Aim of the task
Which of the lines below contain the string "counter"? Pull each one out of the data.

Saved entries
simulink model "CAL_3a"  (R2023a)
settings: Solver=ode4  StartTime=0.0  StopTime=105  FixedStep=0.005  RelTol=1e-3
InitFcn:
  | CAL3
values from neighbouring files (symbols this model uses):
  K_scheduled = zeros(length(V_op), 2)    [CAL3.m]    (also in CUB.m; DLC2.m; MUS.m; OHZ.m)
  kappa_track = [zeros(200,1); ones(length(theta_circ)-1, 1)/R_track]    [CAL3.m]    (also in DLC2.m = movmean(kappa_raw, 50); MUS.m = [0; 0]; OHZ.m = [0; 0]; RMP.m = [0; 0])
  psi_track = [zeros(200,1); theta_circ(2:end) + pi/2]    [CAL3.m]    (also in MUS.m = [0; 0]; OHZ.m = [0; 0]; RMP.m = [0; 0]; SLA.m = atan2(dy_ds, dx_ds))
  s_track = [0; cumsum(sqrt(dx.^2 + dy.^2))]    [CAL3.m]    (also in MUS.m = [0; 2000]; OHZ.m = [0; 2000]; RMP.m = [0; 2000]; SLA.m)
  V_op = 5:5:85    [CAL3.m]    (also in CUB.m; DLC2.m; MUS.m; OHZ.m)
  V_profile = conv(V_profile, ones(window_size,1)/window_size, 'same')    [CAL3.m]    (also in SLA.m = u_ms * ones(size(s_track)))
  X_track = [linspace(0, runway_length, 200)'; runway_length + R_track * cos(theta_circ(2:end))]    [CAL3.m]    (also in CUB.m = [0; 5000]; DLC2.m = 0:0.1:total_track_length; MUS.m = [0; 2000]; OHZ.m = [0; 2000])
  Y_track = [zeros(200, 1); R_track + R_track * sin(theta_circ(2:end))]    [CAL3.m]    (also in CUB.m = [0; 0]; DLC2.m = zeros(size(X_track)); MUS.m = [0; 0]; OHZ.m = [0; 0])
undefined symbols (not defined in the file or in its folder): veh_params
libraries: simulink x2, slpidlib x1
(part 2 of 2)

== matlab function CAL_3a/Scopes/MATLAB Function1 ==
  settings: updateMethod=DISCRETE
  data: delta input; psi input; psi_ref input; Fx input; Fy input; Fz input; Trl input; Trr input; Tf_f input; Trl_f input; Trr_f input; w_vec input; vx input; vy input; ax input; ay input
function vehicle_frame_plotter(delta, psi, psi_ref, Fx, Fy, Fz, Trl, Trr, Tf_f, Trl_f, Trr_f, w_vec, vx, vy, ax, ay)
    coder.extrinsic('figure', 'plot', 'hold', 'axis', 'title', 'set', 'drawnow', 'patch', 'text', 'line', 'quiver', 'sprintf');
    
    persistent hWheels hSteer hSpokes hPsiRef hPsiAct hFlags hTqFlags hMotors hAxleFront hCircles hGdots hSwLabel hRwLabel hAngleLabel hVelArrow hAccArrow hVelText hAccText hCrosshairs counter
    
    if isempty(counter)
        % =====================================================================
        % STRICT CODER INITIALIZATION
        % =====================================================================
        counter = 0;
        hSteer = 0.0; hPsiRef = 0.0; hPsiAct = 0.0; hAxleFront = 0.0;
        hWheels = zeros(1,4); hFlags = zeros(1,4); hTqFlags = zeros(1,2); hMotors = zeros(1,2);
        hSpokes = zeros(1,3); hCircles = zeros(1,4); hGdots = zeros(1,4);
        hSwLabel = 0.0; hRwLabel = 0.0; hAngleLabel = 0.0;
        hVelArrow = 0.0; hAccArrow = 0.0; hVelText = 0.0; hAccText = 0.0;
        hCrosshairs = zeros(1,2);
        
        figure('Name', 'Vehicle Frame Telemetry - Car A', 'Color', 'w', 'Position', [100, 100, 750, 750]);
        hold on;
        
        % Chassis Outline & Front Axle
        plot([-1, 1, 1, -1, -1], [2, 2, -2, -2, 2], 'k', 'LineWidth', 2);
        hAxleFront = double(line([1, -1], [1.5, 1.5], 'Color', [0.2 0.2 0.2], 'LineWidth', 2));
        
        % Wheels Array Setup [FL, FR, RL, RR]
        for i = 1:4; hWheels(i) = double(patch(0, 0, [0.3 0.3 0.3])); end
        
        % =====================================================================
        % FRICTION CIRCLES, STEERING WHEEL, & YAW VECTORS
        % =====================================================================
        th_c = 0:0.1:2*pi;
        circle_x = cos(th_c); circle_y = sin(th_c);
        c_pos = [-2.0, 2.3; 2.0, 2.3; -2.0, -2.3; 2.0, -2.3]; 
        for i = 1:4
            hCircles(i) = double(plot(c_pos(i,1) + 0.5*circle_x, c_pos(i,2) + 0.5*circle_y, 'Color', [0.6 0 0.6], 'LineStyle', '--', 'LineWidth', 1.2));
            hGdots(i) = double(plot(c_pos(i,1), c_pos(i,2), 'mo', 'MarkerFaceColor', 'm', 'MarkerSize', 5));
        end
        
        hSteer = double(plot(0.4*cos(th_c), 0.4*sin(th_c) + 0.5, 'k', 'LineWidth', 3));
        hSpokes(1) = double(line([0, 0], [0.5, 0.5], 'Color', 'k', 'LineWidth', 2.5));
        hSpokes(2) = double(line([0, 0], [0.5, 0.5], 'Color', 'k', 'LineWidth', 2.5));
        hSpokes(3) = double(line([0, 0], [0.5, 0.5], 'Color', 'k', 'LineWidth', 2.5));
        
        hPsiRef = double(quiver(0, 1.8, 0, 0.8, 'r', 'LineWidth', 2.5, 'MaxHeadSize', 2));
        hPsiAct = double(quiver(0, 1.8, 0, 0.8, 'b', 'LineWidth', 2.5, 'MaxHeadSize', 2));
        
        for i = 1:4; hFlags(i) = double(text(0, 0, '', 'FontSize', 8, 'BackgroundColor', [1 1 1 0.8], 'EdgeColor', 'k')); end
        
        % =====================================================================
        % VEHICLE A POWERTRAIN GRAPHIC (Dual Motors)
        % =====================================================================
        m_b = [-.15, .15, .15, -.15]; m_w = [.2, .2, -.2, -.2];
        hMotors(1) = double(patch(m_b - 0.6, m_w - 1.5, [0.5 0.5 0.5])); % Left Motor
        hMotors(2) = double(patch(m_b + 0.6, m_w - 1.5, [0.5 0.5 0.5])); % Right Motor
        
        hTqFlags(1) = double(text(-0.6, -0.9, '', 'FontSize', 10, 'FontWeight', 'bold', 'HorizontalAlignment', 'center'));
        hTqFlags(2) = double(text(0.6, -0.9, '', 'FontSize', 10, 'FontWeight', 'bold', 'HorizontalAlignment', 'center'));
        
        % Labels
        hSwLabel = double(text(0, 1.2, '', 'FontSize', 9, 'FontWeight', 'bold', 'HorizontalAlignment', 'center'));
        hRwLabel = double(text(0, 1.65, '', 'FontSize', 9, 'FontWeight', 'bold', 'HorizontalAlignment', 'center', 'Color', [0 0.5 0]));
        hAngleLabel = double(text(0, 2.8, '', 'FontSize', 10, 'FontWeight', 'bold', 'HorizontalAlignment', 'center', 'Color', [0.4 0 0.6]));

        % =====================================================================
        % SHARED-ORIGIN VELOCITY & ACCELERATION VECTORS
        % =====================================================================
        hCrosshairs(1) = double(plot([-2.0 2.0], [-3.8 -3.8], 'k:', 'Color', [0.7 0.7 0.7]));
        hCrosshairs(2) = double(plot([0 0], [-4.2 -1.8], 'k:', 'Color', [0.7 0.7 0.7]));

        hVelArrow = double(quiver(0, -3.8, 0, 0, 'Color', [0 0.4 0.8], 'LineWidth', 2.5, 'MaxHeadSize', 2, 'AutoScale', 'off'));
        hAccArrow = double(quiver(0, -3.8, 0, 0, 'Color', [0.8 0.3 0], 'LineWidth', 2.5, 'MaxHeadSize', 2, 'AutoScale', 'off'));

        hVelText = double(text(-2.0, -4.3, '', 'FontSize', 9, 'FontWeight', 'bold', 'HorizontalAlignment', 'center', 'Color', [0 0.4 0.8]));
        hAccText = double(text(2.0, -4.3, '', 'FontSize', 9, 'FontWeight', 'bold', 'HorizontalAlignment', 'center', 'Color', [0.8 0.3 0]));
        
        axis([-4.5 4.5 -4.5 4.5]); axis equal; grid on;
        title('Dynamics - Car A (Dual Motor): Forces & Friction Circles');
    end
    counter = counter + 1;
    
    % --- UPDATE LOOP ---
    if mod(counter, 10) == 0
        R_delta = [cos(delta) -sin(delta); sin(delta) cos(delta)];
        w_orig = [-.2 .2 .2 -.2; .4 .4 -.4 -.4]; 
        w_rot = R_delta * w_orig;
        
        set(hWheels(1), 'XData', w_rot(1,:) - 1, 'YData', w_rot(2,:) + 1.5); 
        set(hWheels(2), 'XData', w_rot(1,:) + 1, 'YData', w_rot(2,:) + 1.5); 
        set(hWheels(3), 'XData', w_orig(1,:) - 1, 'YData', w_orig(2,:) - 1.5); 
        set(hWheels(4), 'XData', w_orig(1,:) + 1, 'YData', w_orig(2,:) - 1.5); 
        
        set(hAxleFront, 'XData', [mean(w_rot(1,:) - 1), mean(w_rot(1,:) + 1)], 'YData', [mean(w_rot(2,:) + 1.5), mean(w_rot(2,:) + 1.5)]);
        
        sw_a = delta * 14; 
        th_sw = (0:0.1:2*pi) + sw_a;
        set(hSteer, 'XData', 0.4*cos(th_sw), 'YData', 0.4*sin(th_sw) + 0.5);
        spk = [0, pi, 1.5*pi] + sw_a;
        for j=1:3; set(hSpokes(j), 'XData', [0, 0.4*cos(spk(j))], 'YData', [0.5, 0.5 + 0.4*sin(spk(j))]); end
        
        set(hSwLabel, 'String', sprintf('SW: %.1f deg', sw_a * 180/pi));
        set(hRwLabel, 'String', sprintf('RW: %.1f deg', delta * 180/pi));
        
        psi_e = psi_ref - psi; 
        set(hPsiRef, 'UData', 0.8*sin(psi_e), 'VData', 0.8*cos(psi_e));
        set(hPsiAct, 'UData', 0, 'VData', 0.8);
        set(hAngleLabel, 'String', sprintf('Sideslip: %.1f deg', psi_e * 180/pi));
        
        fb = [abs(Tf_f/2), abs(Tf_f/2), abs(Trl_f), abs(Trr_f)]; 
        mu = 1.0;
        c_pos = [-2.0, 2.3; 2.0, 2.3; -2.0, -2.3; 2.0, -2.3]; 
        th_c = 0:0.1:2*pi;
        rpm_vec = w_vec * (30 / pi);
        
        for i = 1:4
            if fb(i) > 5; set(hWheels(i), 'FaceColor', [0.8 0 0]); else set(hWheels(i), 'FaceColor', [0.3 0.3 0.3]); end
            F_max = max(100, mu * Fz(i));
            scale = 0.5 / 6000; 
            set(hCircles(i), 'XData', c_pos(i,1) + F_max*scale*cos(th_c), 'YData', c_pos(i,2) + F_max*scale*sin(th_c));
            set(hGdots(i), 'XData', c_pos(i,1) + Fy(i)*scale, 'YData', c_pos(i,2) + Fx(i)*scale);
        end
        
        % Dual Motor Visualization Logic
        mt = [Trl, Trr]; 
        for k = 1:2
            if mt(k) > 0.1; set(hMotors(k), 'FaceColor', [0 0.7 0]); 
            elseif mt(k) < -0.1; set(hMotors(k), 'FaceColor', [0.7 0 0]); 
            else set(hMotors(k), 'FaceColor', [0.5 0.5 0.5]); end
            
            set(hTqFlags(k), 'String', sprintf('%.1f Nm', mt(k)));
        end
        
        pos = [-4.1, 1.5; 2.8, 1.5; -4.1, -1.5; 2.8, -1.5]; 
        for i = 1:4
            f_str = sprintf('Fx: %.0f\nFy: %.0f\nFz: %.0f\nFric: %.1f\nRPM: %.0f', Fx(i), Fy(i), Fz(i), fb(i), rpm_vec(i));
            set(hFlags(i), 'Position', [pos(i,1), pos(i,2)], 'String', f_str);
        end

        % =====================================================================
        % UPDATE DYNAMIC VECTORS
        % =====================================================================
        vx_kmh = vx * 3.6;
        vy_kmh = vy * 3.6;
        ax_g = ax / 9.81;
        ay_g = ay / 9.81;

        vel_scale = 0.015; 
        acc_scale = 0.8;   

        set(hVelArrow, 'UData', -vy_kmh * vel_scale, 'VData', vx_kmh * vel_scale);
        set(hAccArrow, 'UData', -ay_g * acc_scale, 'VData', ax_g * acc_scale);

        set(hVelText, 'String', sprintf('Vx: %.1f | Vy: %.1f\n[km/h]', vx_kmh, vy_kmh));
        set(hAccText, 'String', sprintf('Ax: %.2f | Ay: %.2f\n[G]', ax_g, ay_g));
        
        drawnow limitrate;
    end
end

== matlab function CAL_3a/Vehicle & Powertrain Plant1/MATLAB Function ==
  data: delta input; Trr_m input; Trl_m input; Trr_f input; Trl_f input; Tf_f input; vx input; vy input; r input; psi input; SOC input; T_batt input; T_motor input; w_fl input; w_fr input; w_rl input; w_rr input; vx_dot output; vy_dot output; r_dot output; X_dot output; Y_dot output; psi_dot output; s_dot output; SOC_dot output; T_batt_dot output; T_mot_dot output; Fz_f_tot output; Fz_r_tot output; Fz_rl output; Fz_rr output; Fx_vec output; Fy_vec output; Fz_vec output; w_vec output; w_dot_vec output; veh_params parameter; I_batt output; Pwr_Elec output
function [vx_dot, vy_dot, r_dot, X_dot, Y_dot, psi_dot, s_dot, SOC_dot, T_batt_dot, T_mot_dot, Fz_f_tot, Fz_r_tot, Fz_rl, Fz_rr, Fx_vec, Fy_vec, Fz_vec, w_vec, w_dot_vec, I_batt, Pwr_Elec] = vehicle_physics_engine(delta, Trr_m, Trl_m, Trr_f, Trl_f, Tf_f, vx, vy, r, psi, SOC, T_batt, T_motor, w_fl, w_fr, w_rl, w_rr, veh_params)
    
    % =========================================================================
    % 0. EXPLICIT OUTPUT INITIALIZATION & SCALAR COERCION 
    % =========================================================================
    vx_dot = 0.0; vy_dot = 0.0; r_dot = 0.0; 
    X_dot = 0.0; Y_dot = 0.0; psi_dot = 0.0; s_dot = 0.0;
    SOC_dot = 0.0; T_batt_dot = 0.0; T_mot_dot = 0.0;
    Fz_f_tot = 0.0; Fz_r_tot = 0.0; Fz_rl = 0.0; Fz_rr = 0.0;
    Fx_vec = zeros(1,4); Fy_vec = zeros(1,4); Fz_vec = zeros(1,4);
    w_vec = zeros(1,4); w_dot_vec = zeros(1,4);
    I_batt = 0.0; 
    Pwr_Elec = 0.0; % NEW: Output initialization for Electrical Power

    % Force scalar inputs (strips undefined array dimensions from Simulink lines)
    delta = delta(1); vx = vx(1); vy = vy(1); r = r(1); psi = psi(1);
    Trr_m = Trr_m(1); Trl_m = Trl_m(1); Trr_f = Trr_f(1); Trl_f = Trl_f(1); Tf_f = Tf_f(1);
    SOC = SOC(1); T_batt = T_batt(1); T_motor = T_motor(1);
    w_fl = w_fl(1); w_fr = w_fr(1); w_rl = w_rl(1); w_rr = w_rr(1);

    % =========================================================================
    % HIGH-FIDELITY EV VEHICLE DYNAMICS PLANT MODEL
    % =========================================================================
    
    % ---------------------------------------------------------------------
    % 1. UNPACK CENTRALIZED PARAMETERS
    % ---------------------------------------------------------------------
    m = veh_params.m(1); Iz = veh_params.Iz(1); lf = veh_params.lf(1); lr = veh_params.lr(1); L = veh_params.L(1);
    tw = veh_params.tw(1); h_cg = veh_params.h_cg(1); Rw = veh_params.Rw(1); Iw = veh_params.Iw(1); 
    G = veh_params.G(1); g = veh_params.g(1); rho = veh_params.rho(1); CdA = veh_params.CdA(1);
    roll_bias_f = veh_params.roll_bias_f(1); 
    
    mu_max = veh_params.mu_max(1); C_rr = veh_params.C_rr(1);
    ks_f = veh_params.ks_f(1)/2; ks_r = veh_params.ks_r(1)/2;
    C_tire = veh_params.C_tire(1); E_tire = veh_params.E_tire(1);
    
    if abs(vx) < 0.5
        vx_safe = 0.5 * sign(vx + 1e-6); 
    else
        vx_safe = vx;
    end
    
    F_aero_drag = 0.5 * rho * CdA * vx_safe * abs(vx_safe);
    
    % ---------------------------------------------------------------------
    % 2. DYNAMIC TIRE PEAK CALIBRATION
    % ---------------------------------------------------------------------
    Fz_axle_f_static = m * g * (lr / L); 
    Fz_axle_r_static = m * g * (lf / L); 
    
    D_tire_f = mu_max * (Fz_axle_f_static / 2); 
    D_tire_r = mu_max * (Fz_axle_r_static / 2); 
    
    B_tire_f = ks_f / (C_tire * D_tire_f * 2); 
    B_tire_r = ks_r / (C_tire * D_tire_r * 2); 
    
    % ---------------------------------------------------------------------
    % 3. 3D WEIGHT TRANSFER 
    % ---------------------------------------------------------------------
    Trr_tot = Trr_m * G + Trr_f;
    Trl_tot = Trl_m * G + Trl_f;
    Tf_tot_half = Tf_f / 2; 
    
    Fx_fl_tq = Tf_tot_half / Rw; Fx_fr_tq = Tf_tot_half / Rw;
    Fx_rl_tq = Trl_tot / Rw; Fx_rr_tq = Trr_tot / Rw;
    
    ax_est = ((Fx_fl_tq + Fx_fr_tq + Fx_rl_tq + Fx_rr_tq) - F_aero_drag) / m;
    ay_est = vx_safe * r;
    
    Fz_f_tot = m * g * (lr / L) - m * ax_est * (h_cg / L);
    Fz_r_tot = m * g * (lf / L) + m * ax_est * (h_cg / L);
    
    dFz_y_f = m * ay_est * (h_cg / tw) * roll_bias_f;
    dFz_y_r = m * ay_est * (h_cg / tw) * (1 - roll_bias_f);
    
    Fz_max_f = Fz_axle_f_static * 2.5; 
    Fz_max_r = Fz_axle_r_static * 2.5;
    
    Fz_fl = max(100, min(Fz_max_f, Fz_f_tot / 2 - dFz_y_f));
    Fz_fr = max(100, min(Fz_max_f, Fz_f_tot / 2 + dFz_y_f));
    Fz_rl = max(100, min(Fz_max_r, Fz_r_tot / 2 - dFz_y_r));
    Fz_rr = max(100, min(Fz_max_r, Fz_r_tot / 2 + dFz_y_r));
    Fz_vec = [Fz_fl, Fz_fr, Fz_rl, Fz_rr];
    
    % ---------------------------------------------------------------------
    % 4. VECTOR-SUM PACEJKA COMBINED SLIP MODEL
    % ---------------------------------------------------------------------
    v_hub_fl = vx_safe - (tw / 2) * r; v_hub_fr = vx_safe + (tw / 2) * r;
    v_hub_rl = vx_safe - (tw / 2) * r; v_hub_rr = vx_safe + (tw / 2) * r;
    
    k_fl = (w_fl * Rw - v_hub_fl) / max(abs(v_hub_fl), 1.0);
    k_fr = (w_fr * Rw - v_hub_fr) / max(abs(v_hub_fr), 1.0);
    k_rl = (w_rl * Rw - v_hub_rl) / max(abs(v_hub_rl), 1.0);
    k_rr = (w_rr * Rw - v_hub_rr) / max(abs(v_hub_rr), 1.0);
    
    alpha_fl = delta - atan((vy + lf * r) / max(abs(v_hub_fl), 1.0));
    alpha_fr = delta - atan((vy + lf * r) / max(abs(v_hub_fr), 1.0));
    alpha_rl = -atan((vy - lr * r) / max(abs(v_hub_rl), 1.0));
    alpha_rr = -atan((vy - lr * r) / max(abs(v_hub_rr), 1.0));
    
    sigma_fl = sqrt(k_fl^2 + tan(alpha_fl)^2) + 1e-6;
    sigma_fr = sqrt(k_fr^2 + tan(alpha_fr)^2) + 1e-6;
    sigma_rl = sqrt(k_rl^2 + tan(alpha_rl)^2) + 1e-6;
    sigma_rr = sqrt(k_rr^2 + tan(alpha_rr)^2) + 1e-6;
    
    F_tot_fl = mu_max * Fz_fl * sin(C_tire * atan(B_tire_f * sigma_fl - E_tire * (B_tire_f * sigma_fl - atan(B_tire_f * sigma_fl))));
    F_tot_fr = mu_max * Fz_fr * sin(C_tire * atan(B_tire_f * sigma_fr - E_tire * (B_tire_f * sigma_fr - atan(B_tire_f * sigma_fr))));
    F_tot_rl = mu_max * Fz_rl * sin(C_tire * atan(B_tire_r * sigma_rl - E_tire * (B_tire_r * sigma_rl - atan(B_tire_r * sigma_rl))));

Output
    persistent hWheels hSteer hSpokes hPsiRef hPsiAct hFlags hTqFlags hMotors hAxleFront hCircles hGdots hSwLabel hRwLabel hAngleLabel hVelArrow hAccArrow hVelText hAccText hCrosshairs counter
    if isempty(counter)
        counter = 0;
    counter = counter + 1;
    if mod(counter, 10) == 0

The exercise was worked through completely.